See Something Fishy? Don’t Take the Bait
Phishing is one of the most common cybersecurity tactics. It’s simple, effective, and not just for Nigerian princes anymore. People are more cyber-savvy than ever before, and cybercriminals have evolved as well, developing more sophisticated methods of phishing for personal information. Today’s phishing emails are often disguised as communication from a reputable company or organization, or even from someone in your contact list. The goal of these email messages is a simple one – collect sensitive information from the recipient that will later be used for malicious purposes. Watch for these telltale signs of phishing and stop would-be cybercriminals in their tracks.
Spoofed “from” addresses
Criminals often use a method called spoofing to mask the sender’s address, making it look like the email was sent by a trustworthy source. The next time you receive an email, use your mouse to hover over the “from” address. Is it what you expected? For example, if you receive an email from Southeast Financial, check to be sure the address in the “from” field ends with “@southeastfinancial.org.” If it doesn’t match exactly, it’s most likely phishing. Don’t take the bait!
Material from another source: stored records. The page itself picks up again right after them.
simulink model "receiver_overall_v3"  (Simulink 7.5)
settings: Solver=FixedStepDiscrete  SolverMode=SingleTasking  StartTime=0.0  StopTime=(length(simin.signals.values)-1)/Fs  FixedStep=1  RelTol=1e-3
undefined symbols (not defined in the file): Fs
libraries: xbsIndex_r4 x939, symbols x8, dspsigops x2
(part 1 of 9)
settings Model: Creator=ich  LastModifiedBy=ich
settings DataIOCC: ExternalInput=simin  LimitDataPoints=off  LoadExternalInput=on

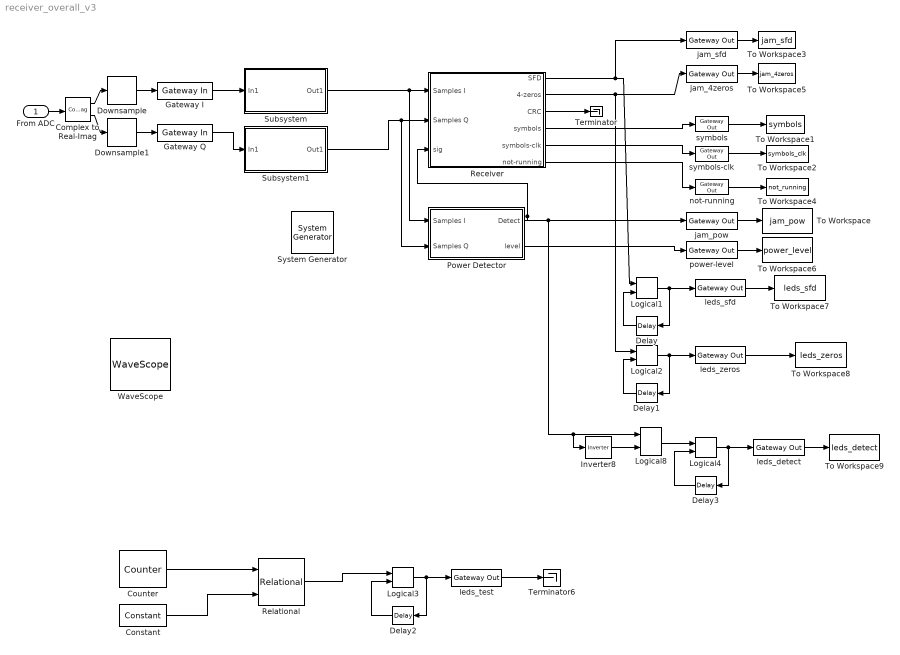
== system receiver_overall_v3 ==
  From ADC : Inport  SampleTime=1/Fs  OutDataType=fixdt(1, 16)  OutScaling=2^0  Interpolate=off
      settings: SignalType=complex
  " System Generator" : xbsIndex_r4/ System Generator  Tag=genX  SystemSampleTime=-1  xilinxfamily=spartan3  part=xc3s2000  speed=-5  package=fg456  synthesis_tool=XST  clock_wrapper=Clock Enables  directory=G:/Projekte/wireless_firewall/dschung/IEEE 802.15.4 receiver/receiver_v3  testbench=off  simulink_period=1  sysclk_period=10  dcm_input_clock_period=10  incr_netlist=off  trim_vbits=Everywhere in SubSystem  dbl_ovrd=According to Block Masks  core_generation=According to Block Masks  run_coregen=off  deprecated_control=off  eval_field=0  block_type=sysgen
      settings: block_version=12.1
  Complex to Real-Imag : ComplexToRealImag
  Constant : xbsIndex_r4/Constant  arith_type=Unsigned  const=0  n_bits=1  bin_pt=0  explicit_period=off  period=1  equ=P=C  opselect=C  inp2=PCIN>>17  opr=+  inp1=P  carry=CIN  dbl_ovrd=off  block_type=constant
      settings: block_version=12.2
  Counter : xbsIndex_r4/Counter  cnt_type=Count Limited  cnt_to=200000000  operation=Up  start_count=0  cnt_by_val=1  arith_type=Unsigned  n_bits=32  bin_pt=0  load_pin=off  rst=off  en=off  explicit_period=on  period=1  dbl_ovrd=off  use_behavioral_HDL=off  implementation=Fabric  block_type=counter
      settings: block_version=12.2
  Delay{,1..3} (4 alike) : xbsIndex_r4/Delay  en=off  latency=1  dbl_ovrd=off  reg_retiming=off  block_type=delay
      settings: block_version=12.2
  Downsample : dspsigops/Downsample  N=4  phase=0  ic=0  smode=Force single rate  fmode=Maintain input frame size
  Downsample1 : dspsigops/Downsample  N=4  phase=0  ic=0  smode=Force single rate  fmode=Maintain input frame size
  Gateway I : xbsIndex_r4/Gateway In  arith_type="Signed  (2's comp)"  n_bits=15  bin_pt=13  quantization="Round  (unbiased: +/- Inf)"  overflow=Saturate  period=1/Fs  dbl_ovrd=off  timing_constraint=None  locs_specified=off  LOCs={}  hdl_port=on  block_type=gatewayin
      settings: infoedit="Gateway in block.  Converts inputs of type Simulink integer, double and fixed point to  Xilinx fixed point type.<br><br>Hardware notes:  In hardware these blocks become top level input ports."  xl_area=[0 0 0 0 16 0 0]  block_version=12.1
  Gateway Q : xbsIndex_r4/Gateway In  arith_type="Signed  (2's comp)"  n_bits=15  bin_pt=13  quantization="Round  (unbiased: +/- Inf)"  overflow=Saturate  period=1/Fs  dbl_ovrd=off  timing_constraint=None  locs_specified=off  LOCs={}  hdl_port=on  block_type=gatewayin
      settings: infoedit="Gateway in block.  Converts inputs of type Simulink integer, double and fixed point to  Xilinx fixed point type.<br><br>Hardware notes:  In hardware these blocks become top level input ports."  xl_area=[0 0 0 0 16 0 0]  block_version=12.1
  Inverter8 : xbsIndex_r4/Inverter  en=off  latency=1  dbl_ovrd=off  block_type=inv
      settings: block_version=12.2
  Logical{1..4} (4 alike) : xbsIndex_r4/Logical  logical_function=XOR  inputs=2  en=off  latency=0  precision=Full  arith_type=Unsigned  n_bits=16  bin_pt=0  align_bp=on  dbl_ovrd=off  block_type=logical
      settings: block_version=12.2
  Logical8 : xbsIndex_r4/Logical  logical_function=AND  inputs=2  en=off  latency=0  precision=Full  arith_type=Unsigned  n_bits=16  bin_pt=0  align_bp=on  dbl_ovrd=off  block_type=logical
      settings: block_version=12.2
  Power Detector : Subsystem
  Receiver : Subsystem
  Relational : xbsIndex_r4/Relational  mode=a=b  en=off  latency=1  dbl_ovrd=off  block_type=relational
      settings: block_version=12.2
  Subsystem : Subsystem
      mask Display:
      | disp('Interpolate');
      | port_label('input',1,'in');
      | port_label('output',1,'out');
  Subsystem1 : Subsystem
      mask Display:
      | disp('Interpolate');
      | port_label('input',1,'in');
      | port_label('output',1,'out');
  Terminator : Terminator
  Terminator6 : Terminator
  To Workspace : ToWorkspace  VariableName=jam_pow  SampleTime=-1  SaveFormat=Structure
  To Workspace1 : ToWorkspace  VariableName=symbols  SampleTime=-1  SaveFormat=Structure
  To Workspace2 : ToWorkspace  VariableName=symbols_clk  SampleTime=-1  SaveFormat=Structure
  To Workspace3 : ToWorkspace  VariableName=jam_sfd  SampleTime=-1  SaveFormat=Structure
  To Workspace4 : ToWorkspace  VariableName=not_running  SampleTime=-1  SaveFormat=Structure
  To Workspace5 : ToWorkspace  VariableName=jam_4zeros  SampleTime=-1  SaveFormat=Structure
  To Workspace6 : ToWorkspace  VariableName=power_level  SampleTime=-1  SaveFormat=Structure
  To Workspace7 : ToWorkspace  VariableName=leds_sfd  SampleTime=-1  SaveFormat=Structure
  To Workspace8 : ToWorkspace  VariableName=leds_zeros  SampleTime=-1  SaveFormat=Structure
  To Workspace9 : ToWorkspace  VariableName=leds_detect  SampleTime=-1  SaveFormat=Structure
  WaveScope : xbsIndex_r4/WaveScope  block_type=wavescope
      settings: block_version=12.2
  jam_4zeros : xbsIndex_r4/Gateway Out  hdl_port=on  timing_constraint=None  locs_specified=off  LOCs={}  block_type=gatewayout
      settings: infoedit="Gateway out block.  Converts Xilinx fixed point inputs into ouputs of type Simulink integer, double, or fixed point.<br><br>Hardware notes:  In hardware these blocks become top level output ports or are discarded, depending on how they are configured."  block_version=12.2
  jam_pow : xbsIndex_r4/Gateway Out  hdl_port=on  timing_constraint=None  locs_specified=off  LOCs={}  block_type=gatewayout
      settings: infoedit="Gateway out block.  Converts Xilinx fixed point inputs into ouputs of type Simulink integer, double, or fixed point.<br><br>Hardware notes:  In hardware these blocks become top level output ports or are discarded, depending on how they are configured."  block_version=12.2
  jam_sfd : xbsIndex_r4/Gateway Out  hdl_port=on  timing_constraint=None  locs_specified=off  LOCs={}  block_type=gatewayout
      settings: infoedit="Gateway out block.  Converts Xilinx fixed point inputs into ouputs of type Simulink integer, double, or fixed point.<br><br>Hardware notes:  In hardware these blocks become top level output ports or are discarded, depending on how they are configured."  block_version=12.2
  leds_detect : xbsIndex_r4/Gateway Out  hdl_port=on  timing_constraint=None  locs_specified=off  LOCs={}  block_type=gatewayout
      settings: infoedit="Gateway out block.  Converts Xilinx fixed point inputs into ouputs of type Simulink integer, double, or fixed point.<br><br>Hardware notes:  In hardware these blocks become top level output ports or are discarded, depending on how they are configured."  block_version=12.2
  leds_sfd : xbsIndex_r4/Gateway Out  hdl_port=on  timing_constraint=None  locs_specified=off  LOCs={}  block_type=gatewayout
      settings: infoedit="Gateway out block.  Converts Xilinx fixed point inputs into ouputs of type Simulink integer, double, or fixed point.<br><br>Hardware notes:  In hardware these blocks become top level output ports or are discarded, depending on how they are configured."  block_version=12.2
  leds_test : xbsIndex_r4/Gateway Out  hdl_port=on  timing_constraint=None  locs_specified=off  LOCs={}  block_type=gatewayout
      settings: infoedit="Gateway out block.  Converts Xilinx fixed point inputs into ouputs of type Simulink integer, double, or fixed point.<br><br>Hardware notes:  In hardware these blocks become top level output ports or are discarded, depending on how they are configured."  block_version=12.2
  leds_zeros : xbsIndex_r4/Gateway Out  hdl_port=on  timing_constraint=None  locs_specified=off  LOCs={}  block_type=gatewayout
      settings: infoedit="Gateway out block.  Converts Xilinx fixed point inputs into ouputs of type Simulink integer, double, or fixed point.<br><br>Hardware notes:  In hardware these blocks become top level output ports or are discarded, depending on how they are configured."  block_version=12.2
  not-running : xbsIndex_r4/Gateway Out  hdl_port=on  timing_constraint=None  locs_specified=off  LOCs={}  block_type=gatewayout
      settings: infoedit="Gateway out block.  Converts Xilinx fixed point inputs into ouputs of type Simulink integer, double, or fixed point.<br><br>Hardware notes:  In hardware these blocks become top level output ports or are discarded, depending on how they are configured."  block_version=12.2
  power-level : xbsIndex_r4/Gateway Out  hdl_port=on  timing_constraint=None  locs_specified=off  LOCs={}  block_type=gatewayout
      settings: infoedit="Gateway out block.  Converts Xilinx fixed point inputs into ouputs of type Simulink integer, double, or fixed point.<br><br>Hardware notes:  In hardware these blocks become top level output ports or are discarded, depending on how they are configured."  block_version=12.2
  symbols : xbsIndex_r4/Gateway Out  hdl_port=on  timing_constraint=None  locs_specified=off  LOCs={}  block_type=gatewayout
      settings: infoedit="Gateway out block.  Converts Xilinx fixed point inputs into ouputs of type Simulink integer, double, or fixed point.<br><br>Hardware notes:  In hardware these blocks become top level output ports or are discarded, depending on how they are configured."  block_version=12.2
  symbols-clk : xbsIndex_r4/Gateway Out  hdl_port=on  timing_constraint=None  locs_specified=off  LOCs={}  block_type=gatewayout
      settings: infoedit="Gateway out block.  Converts Xilinx fixed point inputs into ouputs of type Simulink integer, double, or fixed point.<br><br>Hardware notes:  In hardware these blocks become top level output ports or are discarded, depending on how they are configured."  block_version=12.2
  wires:
  Gateway I/1 -> Subsystem/1(In1)
  Gateway Q/1 -> Subsystem1/1(In1)
  From ADC/1 -> Complex to Real-Imag/1
  Complex to Real-Imag/1 -> Downsample/1
  Complex to Real-Imag/2 -> Downsample1/1
  Receiver/3(CRC) -> Terminator/1
  Logical1/1 -> Delay/1, leds_sfd/1
  Delay/1 -> Logical1/2
  Logical2/1 -> Delay1/1, leds_zeros/1
  Delay1/1 -> Logical2/2
  leds_test/1 -> Terminator6/1
  Logical3/1 -> Delay2/1, leds_test/1
  Delay2/1 -> Logical3/2
  Counter/1 -> Relational/1
  Constant/1 -> Relational/2
  Relational/1 -> Logical3/1
  symbols/1 -> To Workspace1/1
  symbols-clk/1 -> To Workspace2/1
  Receiver/2(4-zeros) -> Logical2/1, jam_4zeros/1
  Receiver/1(SFD) -> Logical1/1, jam_sfd/1
  Receiver/4(symbols) -> symbols/1
  Receiver/5(symbols-clk) -> symbols-clk/1
  not-running/1 -> To Workspace4/1
  Receiver/6(not-running) -> not-running/1
  jam_4zeros/1 -> To Workspace5/1
  jam_sfd/1 -> To Workspace3/1
  Power Detector/1(Detect) -> Receiver/3(sig), jam_pow/1, Logical8/1, Inverter8/1
  jam_pow/1 -> To Workspace/1
  power-level/1 -> To Workspace6/1
  Power Detector/2(level) -> power-level/1
  Subsystem/1(Out1) -> Receiver/1(Samples I), Power Detector/1(Samples I)
  Subsystem1/1(Out1) -> Receiver/2(Samples Q), Power Detector/2(Samples Q)
  Downsample/1 -> Gateway I/1
  Downsample1/1 -> Gateway Q/1
  leds_sfd/1 -> To Workspace7/1
  leds_zeros/1 -> To Workspace8/1
  Inverter8/1 -> Logical8/2
  Logical4/1 -> Delay3/1, leds_detect/1
  Logical8/1 -> Logical4/1
  Delay3/1 -> Logical4/2
  leds_detect/1 -> To Workspace9/1

== system receiver_overall_v3/Power Detector ==
  note: 14bit signed * 14bit signed = 29bit unsigned
      | but one bit only for 10...0 * 10...0 is too expensive -> 28bit
  Samples I : Inport
  Samples Q : Inport  Port=2
  -3dB : xbsIndex_r4/Constant  arith_type=Unsigned  const=0.5  n_bits=16  bin_pt=16  explicit_period=off  period=1  equ=P=C  opselect=C  inp2=PCIN>>17  opr=+  inp1=P  carry=CIN  dbl_ovrd=off  block_type=constant
      settings: block_version=12.2
  AddSub : xbsIndex_r4/AddSub  mode=Addition  use_carryin=off  use_carryout=off  en=off  latency=0  precision=Full  arith_type=Unsigned  n_bits=16  bin_pt=14  quantization=Truncate  overflow=Wrap  dbl_ovrd=off  use_behavioral_HDL=off  hw_selection=Fabric  pipelined=off  block_type=addsub
      settings: block_version=12.2
  Convert : xbsIndex_r4/Convert  arith_type="Signed  (2's comp)"  n_bits=14  bin_pt=12  quantization=Truncate  overflow=Wrap  en=off  latency=0  dbl_ovrd=off  pipeline=off  block_type=convert
      settings: block_version=12.2
  Convert1 : xbsIndex_r4/Convert  arith_type="Signed  (2's comp)"  n_bits=14  bin_pt=12  quantization=Truncate  overflow=Wrap  en=off  latency=0  dbl_ovrd=off  pipeline=off  block_type=convert
      settings: block_version=12.2
  Moving Average : Subsystem
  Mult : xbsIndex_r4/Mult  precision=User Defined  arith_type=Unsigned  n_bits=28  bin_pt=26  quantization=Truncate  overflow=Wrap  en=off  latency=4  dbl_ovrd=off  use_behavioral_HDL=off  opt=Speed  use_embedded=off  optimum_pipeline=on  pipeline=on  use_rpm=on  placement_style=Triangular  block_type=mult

Spelling and grammatical errors
We all make mistakes, but if you receive an email with multiple spelling and grammatical errors from what appears to be a reputable source, it just might be a phishing attempt. In these situations, the best course of action is to simply delete the email without providing any information, clicking links, or downloading attachments.
Requests for personal information
If you wouldn’t give your credit card number to a stranger on the street, don’t share it with the stranger who requests it by email. No reputable company should ask you to provide sensitive information like account numbers and social security numbers by email. If they do, don’t take the bait! Protect your information by contacting the company directly using a published telephone number or searching for their public website online.
Your credit card information needs to be updated. Your password is about to expire. Your account needs to be confirmed. Messages like these often direct you to click on a link in the body of the email to update your information. While it’s possible that the email is legitimate, it’s better to be safe than sorry when it comes to potential phishing attacks. Hover over the link to see the actual link address. Better yet, avoid unsolicited links altogether and contact the person or company directly for information about the request.
Even if everything looks legitimate, if something feels “off,” don’t take the bait. For example, if you didn’t buy a lottery ticket, don’t trust an email with instructions for claiming your prize. Trust your gut instead.